Radios. Occastionally a cell phone. But mainly Radios. Oh, and we have beepers for transfers. The hospitals page us, we call them. Nextel? hahaha.


----------



## Jon (Apr 27, 2005)

> _Originally posted by rescuecpt_@Apr 27 2005, 10:02 AM
> * County tones us out at HQ, the dispatcher sends out the inhouse crew and alpha-mates the appropriate people.  If additional personnel are needed, the dispatcher activates the appropriate pagers (everyone for Alpha/Bravo or Echo calls, or ALS providers for Charlie, Delta, and Echo calls).  Then we call in and tell the dispatcher who we are, what our cert is, and where we are and they tell us to go to scene or come to HQ.
> 
> Once on scene, almost all communication is by radio to dispatch.  Occasionally we will use the cell phone on the ambulances, or our own, to call the dispatcher if it is a lengthy discussion. *


 what are Alpha, Bravo, Charlie, Delta, and Echo calls???


Jon


----------



## rescuecpt (Apr 27, 2005)

> _Originally posted by MedicStudentJon_@Apr 27 2005, 06:11 PM
> * what are Alpha, Bravo, Charlie, Delta, and Echo calls??? *


 Our EMD/Priority Dispatch in my County uses Alpha, Bravo, Charlie, Delta, and Echo to define the type of response.

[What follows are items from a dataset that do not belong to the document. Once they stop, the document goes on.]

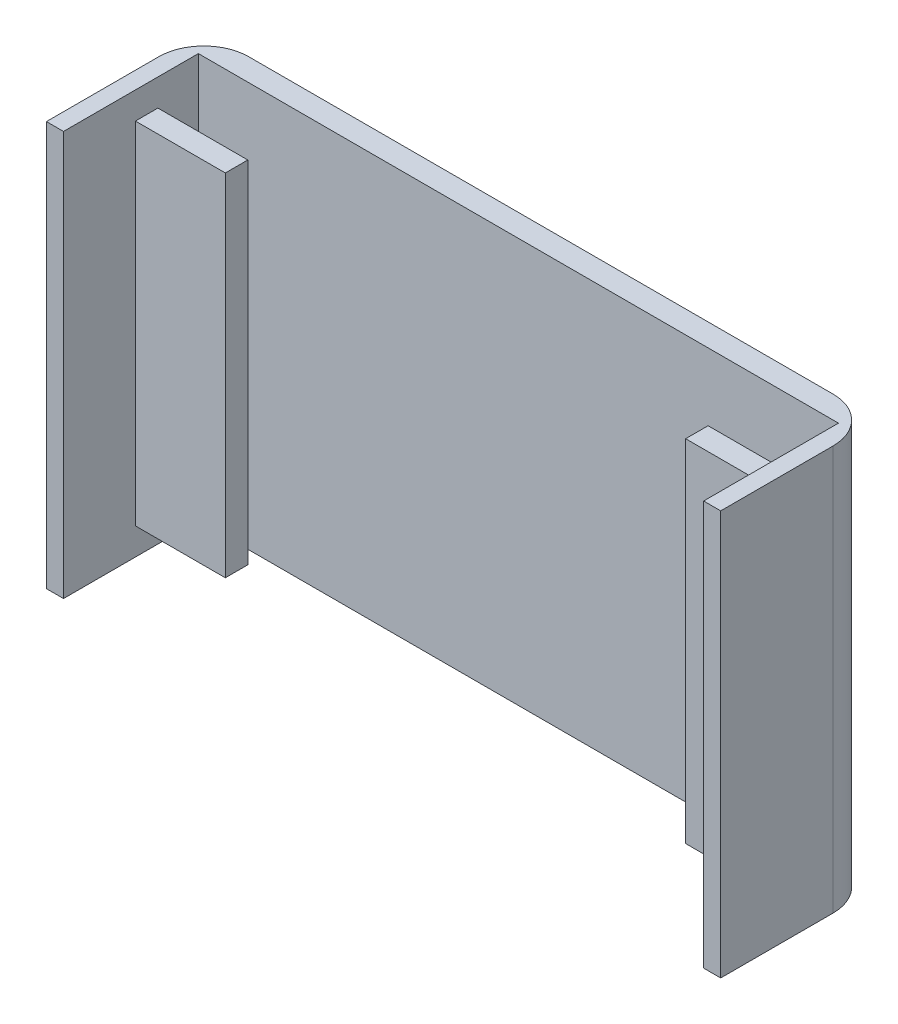
SolidWorks part; units mm, degrees
ref_plane "Front Plane" through (0, 0, 0) normal (0, 0, 1) x (1, 0, 0)
ref_plane "Top Plane" through (0, 0, 0) normal (0, 1, 0) x (1, 0, 0)
ref_plane "Right Plane" through (0, 0, 0) normal (1, 0, 0) x (0, 0, -1)
sketch "Sketch1" plane through (0, 0, 0) normal (0, 0, 1) x (1, 0, 0)
  line L1 (-75, 45) -> (75, 45)
  line L2 (-75, 45) -> (-75, -45)
  line L3 (-75, -45) -> (75, -45)
  line L4 (75, 45) -> (75, -45)
  line L5 (-75, 45) -> (75, -45) construction
  line L6 (-75, -45) -> (75, 45) construction
  point P0 (0, 0)
  point P6 (0, 0)
  dimension "D2" = 150
  dimension "D4" = 90
extrude "Boss-Extrude1" add sketch "Sketch1" along normal blind 5
sketch "Sketch2" plane through (0, 0, 5) normal (0, 0, 1) x (1, 0, 0)
  line L0 (-75, -45) -> (75, -45) construction
  line L1 (-75, 45) -> (-71.2, 45)
  line L2 (-75, 45) -> (-75, -45)
  line L3 (-75, -45) -> (-71.2, -45)
  line L4 (-71.2, 45) -> (-71.2, -45)
  line L5 (0, 0) -> (0, 45) construction
  line L6 (75, 45) -> (-75, 45) construction
  line L7 (75, -45) -> (71.2, -45)
  line L8 (71.2, 45) -> (71.2, -45)
  line L9 (75, 45) -> (71.2, 45)
  line L10 (75, 45) -> (75, -45)
  dimension "D1" = 3.8
extrude "Boss-Extrude2" add sketch "Sketch2" along normal blind 30
fillet "Fillet1" radius 10 2 edges at (-75, 0, 0) (75, 0, 0)
sketch "Sketch3" plane through (0, 45, 0) normal (0, 1, 0) x (1, 0, 0)
  line L0 (-71.2, -35) -> (-71.2, -5) construction
  line L1 (-71.2, -14) -> (-51.2, -14)
  line L2 (-71.2, -14) -> (-71.2, -19)
  line L3 (-71.2, -19) -> (-51.2, -19)
  line L4 (-51.2, -14) -> (-51.2, -19)
  line L5 (71.2, -35) -> (71.2, -5) construction
  line L6 (71.2, -14) -> (51.2, -14)
  line L7 (71.2, -14) -> (71.2, -19)
  line L8 (71.2, -19) -> (51.2, -19)
  line L9 (51.2, -14) -> (51.2, -19)
  line L10 (71.2, -5) -> (-71.2, -5) construction
  dimension "D1" = 9
  dimension "D2" = 9
  dimension "D3" = 5
  dimension "D4" = 5
  dimension "D5" = 20
  dimension "D6" = 20
extrude "Boss-Extrude3" add sketch "Sketch3" against normal up to surface (90 mm away) up to face at (0, -45, 16.5858)
sketch "Sketch4" plane through (0, 0, 19) normal (0, 0, 1) x (1, 0, 0)
  line L0 (71.2, -45) -> (71.2, 45) construction
  line L1 (-71.2, 45) -> (71.2, 45)
  line L2 (-71.2, 45) -> (-71.2, 39)
  line L3 (-71.2, 39) -> (71.2, 39)
  line L4 (71.2, 45) -> (71.2, 39)
  line L5 (0, 0) -> (-71.2, 0) construction
  line L6 (-71.2, -45) -> (-71.2, 45) construction
  line L7 (-71.2, -39) -> (71.2, -39)
  line L8 (71.2, -45) -> (71.2, -39)
  line L9 (-71.2, -45) -> (71.2, -45)
  line L10 (-71.2, -45) -> (-71.2, -39)
  dimension "D1" = 6
extrude "Cut-Extrude1" cut sketch "Sketch4" against normal blind 5

My Corps responds in this way (increasing priority):

Alpha - BLS response, no lights or sirens, no excessive speed.
Bravo - BLS response, lights, no sirens, no excessive speed.
Charlie - ALS response, lights & sirens, moderate speed.
Delta - ALS response, lights & sirens, necessary speed.
Echo - ALS response, lights & sirens, as fast as you can safely get there, all hands.

In theory, I don't have to show up to an Alpha or Bravo if we have a BLS crew, but the way my crew runs (we are ALS/BLS) I go with just to make sure I'm not needed.

Calls are dispatched with an identifier #, response type, and clarifier, like this:

29-Bravo-1

29 - MVA
Bravo - BLS Response
1 - Call in by person not involved in incident (drive by)

31-Delta-3 Syncople episode
13-Alpha-1 Adult male diabetic episode
etc...

Echo's are usually cardiac & respiratory arrest (witnessed/recent)
DOAs are Bravo's

We have a flip chart system that the dispatcher flips through where you start by finding the complaint, then it tells you what questions to ask, such as "are they breathing", "are they awake", "has this ever happened before", etc which determine the type of response and the 2nd number.  We have a copy of the list showing what everything is in the ambulance, so if I hear one I'm not familiar with, I look it up so that enroute I know it's a little old lady fall down go boom, or an OD, or whatever.

My crew's favorite is a 5-Alpha for STD... LOL - we had better NEVER get that one!


----------



## emtchicky156 (Apr 27, 2005)

We use our portables if we need mutal aide we call county and they tone out whoever and they contact us on our channel. We have nextels in our ambulances but as far as I know they are just there for decoration for now lol.


----------



## TTLWHKR (Apr 27, 2005)

> _Originally posted by MedicStudentJon+Apr 27 2005, 06:11 PM--></div><table border='0' align='center' width='95%' cellpadding='3' cellspacing='1'><tr><td>*QUOTE* (MedicStudentJon @ Apr 27 2005, 06:11 PM)</td></tr><tr><td id='QUOTE'> <!--QuoteBegin-rescuecpt_@Apr 27 2005, 10:02 AM
> * County tones us out at HQ, the dispatcher sends out the inhouse crew and alpha-mates the appropriate people.  If additional personnel are needed, the dispatcher activates the appropriate pagers (everyone for Alpha/Bravo or Echo calls, or ALS providers for Charlie, Delta, and Echo calls).  Then we call in and tell the dispatcher who we are, what our cert is, and where we are and they tell us to go to scene or come to HQ.
> 
> Once on scene, almost all communication is by radio to dispatch.  Occasionally we will use the cell phone on the ambulances, or our own, to call the dispatcher if it is a lengthy discussion. *


what are Alpha, Bravo, Charlie, Delta, and Echo calls???


Jon [/b][/quote]
We use those;

Alpha, Bravo - BLS - Minor Injuries, Pain - Class 3 Patients

Charlie - BLS/Medic Fly Car - Fractures, Undetermined Medicals - Class 3 or Class 2 Patients

Delta - ALS - Trauma, Cardiac, Respiratory, Diabetic - Class 1 Patients

Echo - BLS/MICU - Cardiac, Respiratory or All systems Arrest - Class 5 (well, almost)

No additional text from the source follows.